▶ Records for processing:
_ _ _ _ _

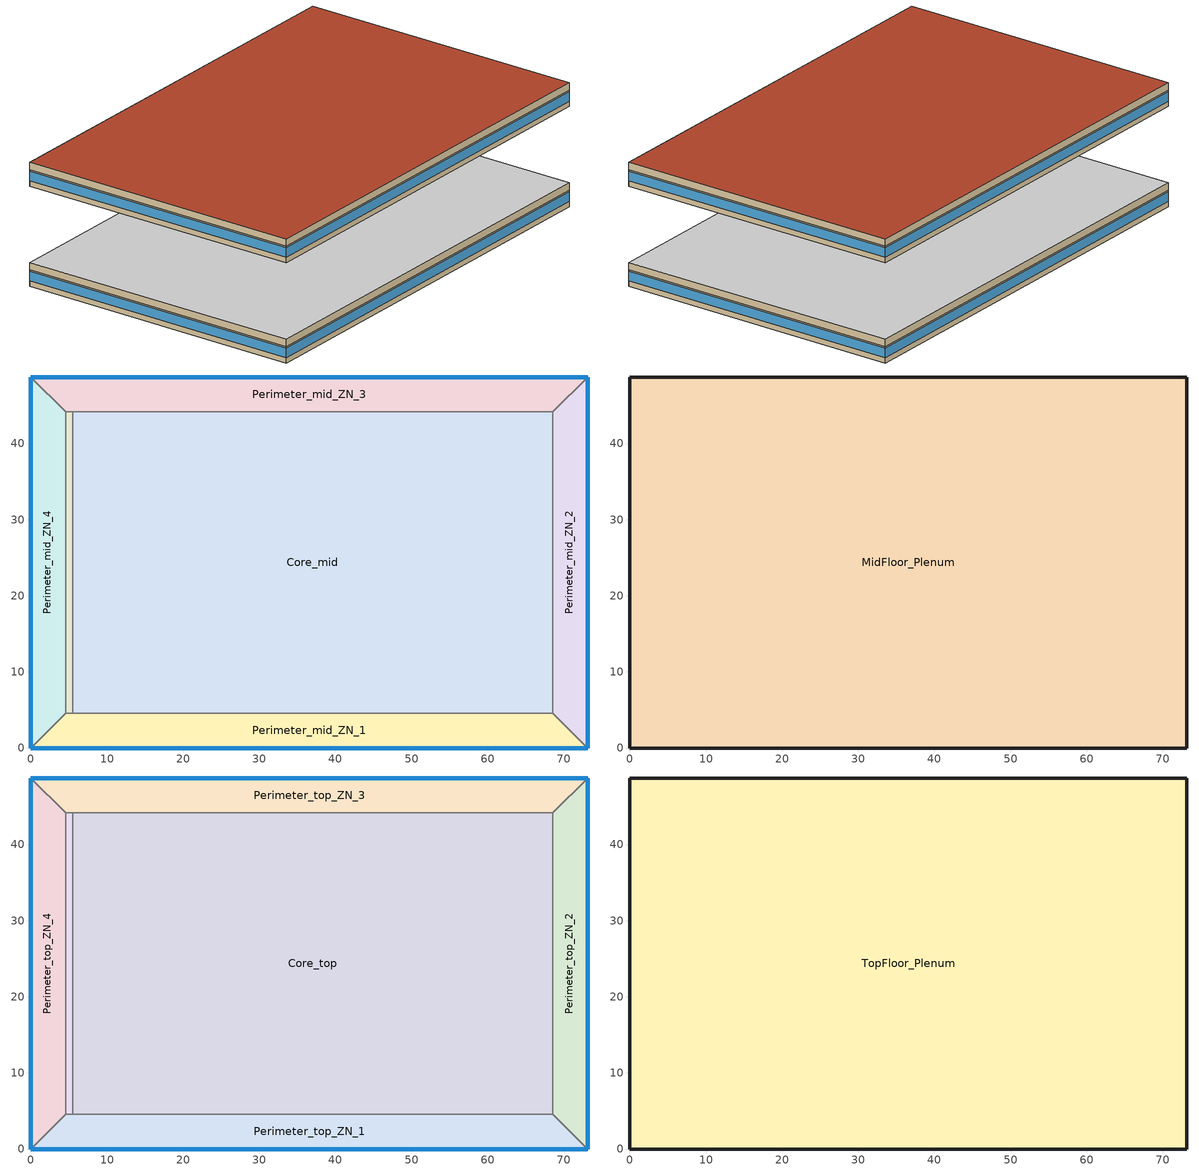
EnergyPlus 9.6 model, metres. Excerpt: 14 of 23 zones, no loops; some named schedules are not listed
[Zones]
Core_mid
 floor adiabatic (int_slab_floor): 68.53,44.16 68.53,4.57 5.49,4.57 5.49,44.16 z16.77
 wall to Perimeter_mid_ZN_1 (int_wall): 5.49,4.57 68.53,4.57 z16.77:19.51
 wall to DataCenter_mid_ZN_6 (int_wall): 5.49,44.16 5.49,4.57 z16.77:19.51
 wall to Perimeter_mid_ZN_3 (int_wall): 68.53,44.16 5.49,44.16 z16.77:19.51
 wall to Perimeter_mid_ZN_2 (int_wall): 68.53,4.57 68.53,44.16 z16.77:19.51
 ceiling to MidFloor_Plenum (DropCeiling): 5.49,44.16 5.49,4.57 68.53,4.57 68.53,44.16 z19.51
Perimeter_mid_ZN_3
 floor adiabatic (int_slab_floor): 73.11,48.74 68.53,44.16 4.57,44.16 0,48.74 z16.77
 wall outside (nonres_ext_wall): 73.11,48.74 0,48.74 z16.77:19.51
 wall to Perimeter_mid_ZN_4 (int_wall): 0,48.74 4.57,44.16 z16.77:19.51
 wall to Perimeter_mid_ZN_2 (int_wall): 68.53,44.16 73.11,48.74 z16.77:19.51
 wall to DataCenter_mid_ZN_6 (int_wall): 4.57,44.16 5.49,44.16 z16.77:19.51
 window (Window_U_0.41_SHGC_0.38): 73.11,48.74 0,48.74 z17.68:19.27
 ceiling to MidFloor_Plenum (DropCeiling): 0,48.74 4.57,44.16 68.53,44.16 73.11,48.74 z19.51
Perimeter_mid_ZN_2
 floor adiabatic (int_slab_floor): 73.11,48.74 73.11,0 68.53,4.57 68.53,44.16 z16.77
 wall outside (nonres_ext_wall): 73.11,0 73.11,48.74 z16.77:19.51
 wall to Perimeter_mid_ZN_1 (int_wall): 68.53,4.57 73.11,0 z16.77:19.51
 window (Window_U_0.41_SHGC_0.38): 73.11,0 73.11,48.74 z17.68:19.27
 ceiling to MidFloor_Plenum (DropCeiling): 68.53,44.16 68.53,4.57 73.11,0 73.11,48.74 z19.51
Perimeter_mid_ZN_1
 floor adiabatic (int_slab_floor): 68.53,4.57 73.11,0 0,0 4.57,4.57 z16.77
 wall outside (nonres_ext_wall): 0,0 73.11,0 z16.77:19.51
 wall to DataCenter_mid_ZN_6 (int_wall): 5.49,4.57 4.57,4.57 z16.77:19.51
 wall to Perimeter_mid_ZN_4 (int_wall): 4.57,4.57 0,0 z16.77:19.51
 window (Window_U_0.41_SHGC_0.38): 0,0 73.11,0 z17.68:19.27
 ceiling to MidFloor_Plenum (DropCeiling): 4.57,4.57 0,0 73.11,0 68.53,4.57 z19.51
Perimeter_mid_ZN_4
 floor adiabatic (int_slab_floor): 4.57,44.16 4.57,4.57 0,0 0,48.74 z16.77
 wall outside (nonres_ext_wall): 0,48.74 0,0 z16.77:19.51
 wall to DataCenter_mid_ZN_6 (int_wall): 4.57,4.57 4.57,44.16 z16.77:19.51
 window (Window_U_0.41_SHGC_0.38): 0,48.74 0,0 z17.68:19.27
 ceiling to MidFloor_Plenum (DropCeiling): 0,48.74 0,0 4.57,4.57 4.57,44.16 z19.51
DataCenter_mid_ZN_6
 floor adiabatic (int_slab_floor): 5.49,44.16 5.49,4.57 4.57,4.57 4.57,44.16 z16.77
 ceiling to MidFloor_Plenum (DropCeiling): 4.57,44.16 4.57,4.57 5.49,4.57 5.49,44.16 z19.51
MidFloor_Plenum
 wall outside (nonres_ext_wall): 73.11,48.74 0,48.74 0,0 73.11,0 73.11,48.74 z19.51:20.73
 ceiling adiabatic (int_slab_ceiling): 0,48.74 0,0 73.11,0 73.11,48.74 z20.73
Core_top
 floor adiabatic (int_slab_floor): 68.53,44.16 68.53,4.57 5.49,4.57 5.49,44.16 z33.54
 wall to Perimeter_bot_ZN_1 (int_wall): 5.49,4.57 68.53,4.57 z33.54:36.28
 wall to Perimeter_top_ZN_4 (int_wall): 5.49,44.16 5.49,4.57 z33.54:36.28
 wall to Perimeter_top_ZN_3 (int_wall): 68.53,44.16 5.49,44.16 z33.54:36.28
 wall to Perimeter_top_ZN_2 (int_wall): 68.53,4.57 68.53,44.16 z33.54:36.28
 ceiling to TopFloor_Plenum (DropCeiling): 5.49,44.16 5.49,4.57 68.53,4.57 68.53,44.16 z36.28
Perimeter_top_ZN_3
 floor adiabatic (int_slab_floor): 73.11,48.74 68.53,44.16 4.57,44.16 0,48.74 z33.54
 wall outside (nonres_ext_wall): 73.11,48.74 0,48.74 z33.54:36.28
 wall to Perimeter_top_ZN_4 (int_wall): 0,48.74 4.57,44.16 z33.54:36.28
 wall to Perimeter_top_ZN_2 (int_wall): 68.53,44.16 73.11,48.74 z33.54:36.28
 wall to DataCenter_top_ZN_6 (int_wall): 4.57,44.16 5.49,44.16 z33.54:36.28
 window (Window_U_0.41_SHGC_0.38): 73.11,48.74 0,48.74 z34.45:36.04
 ceiling to TopFloor_Plenum (DropCeiling): 0,48.74 4.57,44.16 68.53,44.16 73.11,48.74 z36.28
Perimeter_top_ZN_2
 floor adiabatic (int_slab_floor): 73.11,48.74 73.11,0 68.53,4.57 68.53,44.16 z33.54
 wall outside (nonres_ext_wall): 73.11,0 73.11,48.74 z33.54:36.28
 wall to Perimeter_top_ZN_1 (int_wall): 68.53,4.57 73.11,0 z33.54:36.28
 window (Window_U_0.41_SHGC_0.38): 73.11,0 73.11,48.74 z34.45:36.04
 ceiling to TopFloor_Plenum (DropCeiling): 68.53,44.16 68.53,4.57 73.11,0 73.11,48.74 z36.28
Perimeter_top_ZN_1
 floor adiabatic (int_slab_floor): 68.53,4.57 73.11,0 0,0 4.57,4.57 z33.54
 wall outside (nonres_ext_wall): 0,0 73.11,0 z33.54:36.28
 wall to DataCenter_top_ZN_6 (int_wall): 5.49,4.57 4.57,4.57 z33.54:36.28
 wall to Perimeter_top_ZN_4 (int_wall): 4.57,4.57 0,0 z33.54:36.28
 window (Window_U_0.41_SHGC_0.38): 0,0 73.11,0 z34.45:36.04
 ceiling to TopFloor_Plenum (DropCeiling): 4.57,4.57 0,0 73.11,0 68.53,4.57 z36.28
Perimeter_top_ZN_4
 floor adiabatic (int_slab_floor): 4.57,44.16 4.57,4.57 0,0 0,48.74 z33.54
 wall outside (nonres_ext_wall): 0,48.74 0,0 z33.54:36.28
 wall to DataCenter_top_ZN_6 (int_wall): 4.57,4.57 4.57,44.16 z33.54:36.28
 window (Window_U_0.41_SHGC_0.38): 0,48.74 0,0 z34.45:36.04
 ceiling to TopFloor_Plenum (DropCeiling): 0,48.74 0,0 4.57,4.57 4.57,44.16 z36.28
DataCenter_top_ZN_6
 floor adiabatic (int_slab_floor): 5.49,44.16 5.49,4.57 4.57,4.57 4.57,44.16 z33.54
 ceiling to TopFloor_Plenum (DropCeiling): 4.57,44.16 4.57,4.57 5.49,4.57 5.49,44.16 z36.28
TopFloor_Plenum
 wall outside (nonres_ext_wall): 0,0 73.11,0 73.11,48.74 0,48.74 0,0 z36.28:37.5
 roof outside (nonres_roof): 0,48.74 0,0 73.11,0 73.11,48.74 z37.5
[Building]
Large Office: North Axis {deg}=0; Terrain=City; Loads Convergence Tolerance Value {W}=0.04; Temperature Convergence Tolerance Value {deltaC}=0.2; Solar Distribution=FullInteriorAndExterior; Maximum Number of Warmup Days=25; Minimum Number of Warmup Days=6
[Site:Location]
Denver-Aurora-Buckley.AFB_CO_USA WMO=724695: Latitude {deg}=39.72; Longitude {deg}=-104.75; Time Zone {hr}=-7; Elevation {m}=1726
[SizingPeriod:DesignDay] Day of Month=21; Dry-Bulb Temperature Range Modifier Type=DefaultMultipliers; Humidity Condition Type=Wetbulb; Barometric Pressure {Pa}=82237; Rain Indicator=No; Snow Indicator=No; Daylight Saving Time Indicator=No
Name | Month | Day Type | Maximum Dry-Bulb Temperature {C} | Daily Dry-Bulb Temperature Range {deltaC} | Wetbulb or DewPoint at Maximum Dry-Bulb {C} | Wind Speed {m/s} | Wind Direction {deg} | Solar Model Indicator | Sky Clearness | ASHRAE Clear Sky Optical Depth for Beam Irradiance (taub) | ASHRAE Clear Sky Optical Depth for Diffuse Irradiance (taud)
Denver-Aurora-Buckley.AFB_CO_USA Ann Htg 99.6% Condns DB | 12 | WinterDesignDay | -17.9 | 0 | -17.9 | 2.5 | 180 | ASHRAEClearSky | 0
Denver-Aurora-Buckley.AFB_CO_USA Ann Clg .4% Condns DB=>MWB | 7 | SummerDesignDay | 33.9 | 14.8 | 15 | 3.6 | 30 | ASHRAETau |  | 0.423 | 2.02
[Site:WaterMainsTemperature]
Calculation Method=Correlation; Annual Average Outdoor Air Temperature {C}=9.95; Maximum Difference In Monthly Average Outdoor Air Temperatures {deltaC}=23.7
[Material:NoMass] Thermal Absorptance=0.9; Solar Absorptance=0.7
Name | Roughness | Thermal Resistance {m2-K/W} | Visible Absorptance
CP02 CARPET PAD | VeryRough | 0.21648 | 0.8
Nonres_Roof_Insulation | MediumSmooth | 5.30668 | 0.7
Nonres_Exterior_Wall_Insulation | MediumSmooth | 1.63975 | 0.7
[Construction]
InteriorFurnishings: Std Wood 6inch
DropCeiling: AC02 Acoustic Ceiling
int_wall: G01 13mm gypsum board, G01 13mm gypsum board
int_slab_floor: 100mm Normalweight concrete floor, CP02 CARPET PAD
int_slab_ceiling: CP02 CARPET PAD, 100mm Normalweight concrete floor
nonres_roof: F13 Built-up roofing, Nonres_Roof_Insulation, F08 Metal surface
nonres_ext_wall: 200mm Normalweight concrete wall, Nonres_Exterior_Wall_Insulation, G01 13mm gypsum board
[CONSTRUCTION]
Window_U_0.41_SHGC_0.38: Glass_8652_LayerAvg, Gap_1_W_0_0127, Glass_102_LayerAvg
[Material]
Name | Roughness | Thickness {m} | Conductivity {W/m-K} | Density {kg/m3} | Specific Heat {J/kg-K} | Thermal Absorptance | Solar Absorptance | Visible Absorptance
Std Wood 6inch | MediumSmooth | 0.15 | 0.12 | 540 | 1210 | 0.9 | 0.7 | 0.7
AC02 Acoustic Ceiling | MediumSmooth | 0.0127 | 0.057 | 288 | 1339 | 0.9 | 0.7 | 0.2
F08 Metal surface | Smooth | 0.0008 | 45.28 | 7824 | 500
F13 Built-up roofing | Rough | 0.0095 | 0.16 | 1120 | 1460 | 0.9 | 0.7
G01 13mm gypsum board | Smooth | 0.0127 | 0.16 | 800 | 1090 | 0.9 | 0.7 | 0.5
200mm Normalweight concrete wall | MediumRough | 0.2032 | 2.31 | 2322 | 832
100mm Normalweight concrete floor | MediumRough | 0.1016 | 2.31 | 2322 | 832
[WindowMaterial:Glazing] Optical Data Type=SpectralAverage; Infrared Transmittance at Normal Incidence=0; Front Side Infrared Hemispherical Emissivity=0.84
Name | Thickness {m} | Solar Transmittance at Normal Incidence | Front Side Solar Reflectance at Normal Incidence | Back Side Solar Reflectance at Normal Incidence | Visible Transmittance at Normal Incidence | Front Side Visible Reflectance at Normal Incidence | Back Side Visible Reflectance at Normal Incidence | Back Side Infrared Hemispherical Emissivity | Conductivity {W/m-K}
Glass_102_LayerAvg | 0.003048 | 0.833848 | 0.0747638 | 0.0748545 | 0.89926 | 0.082563 | 0.082564 | 0.84 | 1
Glass_8652_LayerAvg | 0.003059 | 0.343691 | 0.298987 | 0.462105 | 0.487937 | 0.209449 | 0.306829 | 0.39 | 0.962
[WindowMaterial:Gas]
Gap_1_W_0_0127: Gas Type=Air; Thickness {m}=0.0127
[SurfaceProperty:OtherSideCoefficients] Combined Convective/Radiative Film Coefficient {W/m2-K}=0; Constant Temperature {C}=1; Constant Temperature Coefficient=1; External Dry-Bulb Temperature Coefficient=0; Ground Temperature Coefficient=0; Wind Speed Coefficient=0; Zone Air Temperature Coefficient=0; Sinusoidal Variation of Constant Temperature Coefficient=No; Period of Sinusoidal Variation {hr}=24
Name | Constant Temperature Schedule
surfPropOthSdCoefBasementAvgWall | scheduleOSCBasementWallSurfaceTemp
surfPropOthSdCoefBasementAvgFloor | scheduleOSCBasementFloorTemp
surfPropOthSdCoefBasementUpperWall | scheduleOSCBasementUpperWallTemp
surfPropOthSdCoefBasementLowerWall | scheduleOSCBasementLowerWallTemp
[Zone]
Name | Type | Multiplier | Ceiling Height {m} | Volume {m3} | Floor Area {m2} | Part of Total Floor Area
Core_mid; Perimeter_mid_ZN_3; Perimeter_mid_ZN_2; Perimeter_mid_ZN_1; Perimeter_mid_ZN_4 | 1 | 10 | autocalculate | autocalculate | autocalculate | YES
Core_top; Perimeter_top_ZN_3; Perimeter_top_ZN_2; Perimeter_top_ZN_1; Perimeter_top_ZN_4 | 1 | 1 | autocalculate | autocalculate | autocalculate | YES
MidFloor_Plenum |  | 10 | autocalculate | autocalculate | autocalculate | No
TopFloor_Plenum |  | 1 | autocalculate | autocalculate | autocalculate | No
DataCenter_mid_ZN_6 |  | 10
DataCenter_top_ZN_6 |  | 1
[InternalMass] Construction=InteriorFurnishings
Name | Zone or ZoneList | Extended Field
Core_mid_InternalMass_1 | Core_mid | 5064.65
Core_top_InternalMass_1 | Core_top | 5064.65
Perimeter_mid_ZN_3_InternalMass_1 | Perimeter_mid_ZN_3 | 626.8258
Perimeter_mid_ZN_2_InternalMass_1 | Perimeter_mid_ZN_2 | 403.9504
Perimeter_mid_ZN_1_InternalMass_1 | Perimeter_mid_ZN_1 | 626.8354
Perimeter_mid_ZN_4_InternalMass_1 | Perimeter_mid_ZN_4 | 403.9478
Perimeter_top_ZN_3_InternalMass_1 | Perimeter_top_ZN_3 | 626.8258
Perimeter_top_ZN_2_InternalMass_1 | Perimeter_top_ZN_2 | 403.9504
Perimeter_top_ZN_1_InternalMass_1 | Perimeter_top_ZN_1 | 626.8354
Perimeter_top_ZN_4_InternalMass_1 | Perimeter_top_ZN_4 | 403.9478
[People] Number of People Schedule=BLDG_OCC_SCH; Number of People Calculation Method=Area/Person; Zone Floor Area per Person {m2/person}=18.5788; Fraction Radiant=0.3; Sensible Heat Fraction=AUTOCALCULATE; Activity Level Schedule=ACTIVITY_SCH; Enable ASHRAE 55 Comfort Warnings=No; Mean Radiant Temperature Calculation Type=ZoneAveraged; Work Efficiency Schedule=WORK_EFF_SCH; Clothing Insulation Calculation Method=ClothingInsulationSchedule; Clothing Insulation Schedule=CLOTHING_SCH; Air Velocity Schedule=AIR_VELO_SCH; Thermal Comfort Model 1 Type=FANGER
Name | Zone or ZoneList
Core_mid | Core_mid
Core_top | Core_top
Perimeter_mid_ZN_3 | Perimeter_mid_ZN_3
Perimeter_mid_ZN_2 | Perimeter_mid_ZN_2
Perimeter_mid_ZN_1 | Perimeter_mid_ZN_1
Perimeter_mid_ZN_4 | Perimeter_mid_ZN_4
Perimeter_top_ZN_3 | Perimeter_top_ZN_3
Perimeter_top_ZN_2 | Perimeter_top_ZN_2
Perimeter_top_ZN_1 | Perimeter_top_ZN_1
Perimeter_top_ZN_4 | Perimeter_top_ZN_4
[Lights] Schedule=BLDG_LIGHT_SCH; Design Level Calculation Method=Watts/Area; Watts per Zone Floor Area {W/m2}=8.50349; Return Air Fraction=0; Fraction Radiant=0.7; Fraction Visible=0.2; Fraction Replaceable=1; Return Air Fraction Calculated from Plenum Temperature=No
Name | Zone or ZoneList
Core_mid_Lights | Core_mid
Core_top_Lights | Core_top
Perimeter_mid_ZN_3_Lights | Perimeter_mid_ZN_3
Perimeter_mid_ZN_2_Lights | Perimeter_mid_ZN_2
Perimeter_mid_ZN_1_Lights | Perimeter_mid_ZN_1
Perimeter_mid_ZN_4_Lights | Perimeter_mid_ZN_4
Perimeter_top_ZN_3_Lights | Perimeter_top_ZN_3
Perimeter_top_ZN_2_Lights | Perimeter_top_ZN_2
Perimeter_top_ZN_1_Lights | Perimeter_top_ZN_1
Perimeter_top_ZN_4_Lights | Perimeter_top_ZN_4
DataCenter_mid_Lights | DataCenter_mid_ZN_6
DataCenter_top_Lights | DataCenter_top_ZN_6
[ElectricEquipment] Fraction Latent=0; Fraction Lost=0
Name | Zone or ZoneList | Schedule | Design Level Calculation Method | Design Level {W} | Fraction Radiant | Watts per Zone Floor Area {W/m2}
Core_mid_MiscPlug_Equip | Core_mid | BLDG_EQUIP_SCH | EquipmentLevel | 20142.8 | 0.5
Core_top_MiscPlug_Equip | Core_top | BLDG_EQUIP_SCH | EquipmentLevel | 20142.8 | 0.5
Perimeter_mid_ZN_3_MiscPlug_Equip | Perimeter_mid_ZN_3 | BLDG_EQUIP_SCH | EquipmentLevel | 2529.24 | 0.5
Perimeter_mid_ZN_2_MiscPlug_Equip | Perimeter_mid_ZN_2 | BLDG_EQUIP_SCH | EquipmentLevel | 1629.94 | 0.5
Perimeter_mid_ZN_1_MiscPlug_Equip | Perimeter_mid_ZN_1 | BLDG_EQUIP_SCH | EquipmentLevel | 2529.28 | 0.5
Perimeter_mid_ZN_4_MiscPlug_Equip | Perimeter_mid_ZN_4 | BLDG_EQUIP_SCH | EquipmentLevel | 1629.93 | 0.5
Perimeter_top_ZN_3_MiscPlug_Equip | Perimeter_top_ZN_3 | BLDG_EQUIP_SCH | EquipmentLevel | 2529.24 | 0.5
Perimeter_top_ZN_2_MiscPlug_Equip | Perimeter_top_ZN_2 | BLDG_EQUIP_SCH | EquipmentLevel | 1629.94 | 0.5
Perimeter_top_ZN_1_MiscPlug_Equip | Perimeter_top_ZN_1 | BLDG_EQUIP_SCH | EquipmentLevel | 2529.28 | 0.5
Perimeter_top_ZN_4_MiscPlug_Equip | Perimeter_top_ZN_4 | BLDG_EQUIP_SCH | EquipmentLevel | 1629.93 | 0.5
DataCenter_mid_MiscPlug_Equip | DataCenter_mid_ZN_6 | ALWAYS_ON | Watts/Area | 0 | 0.1 | 215.299
DataCenter_top_MiscPlug_Equip | DataCenter_top_ZN_6 | ALWAYS_ON | Watts/Area | 0 | 0.1 | 215.299
[Exterior:FuelEquipment] Fuel Use Type=Electricity
Name | Schedule | Design Level {W}
Elevators | BLDG_ELEVATORS | 244444
Elevators_Lights_Fan | ELEV_LIGHT_FAN_SCH_ADD_DF | 752
[Exterior:Lights] Control Option=AstronomicalClock
Name | Schedule | Design Level {W}
Exterior_Lights_a | Exterior_lighting_schedule_a | 12979.2
Exterior_Lights_b | Exterior_lighting_schedule_b_2016 | 968.1
Exterior_Lights_c | Exterior_lighting_schedule_c_2016 | 26026.9
[Daylighting:Controls] Daylighting Method=SplitFlux; Lighting Control Type=Stepped; Minimum Input Power Fraction for Continuous or ContinuousOff Dimming Control=0.3; Minimum Light Output Fraction for Continuous or ContinuousOff Dimming Control=0.2; Number of Stepped Control Steps=3; Probability Lighting will be Reset When Needed in Manual Stepped Control=1; Maximum Allowable Discomfort Glare Index=22; Fraction of Zone Controlled by Reference Point 1=0.3857; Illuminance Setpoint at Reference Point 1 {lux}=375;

_ _ _ _ _

Take the material above from its first line through the line holding "wall to Perimeter_mid_ZN_2 (int_wall): 68.53,4.57" and set it down exactly, without the pictures.

▶ Answer for this exercise:
EnergyPlus 9.6 model, metres. Excerpt: 14 of 23 zones, no loops; some named schedules are not listed
[Zones]
Core_mid
 floor adiabatic (int_slab_floor): 68.53,44.16 68.53,4.57 5.49,4.57 5.49,44.16 z16.77
 wall to Perimeter_mid_ZN_1 (int_wall): 5.49,4.57 68.53,4.57 z16.77:19.51
 wall to DataCenter_mid_ZN_6 (int_wall): 5.49,44.16 5.49,4.57 z16.77:19.51
 wall to Perimeter_mid_ZN_3 (int_wall): 68.53,44.16 5.49,44.16 z16.77:19.51
 wall to Perimeter_mid_ZN_2 (int_wall): 68.53,4.57 68.53,44.16 z16.77:19.51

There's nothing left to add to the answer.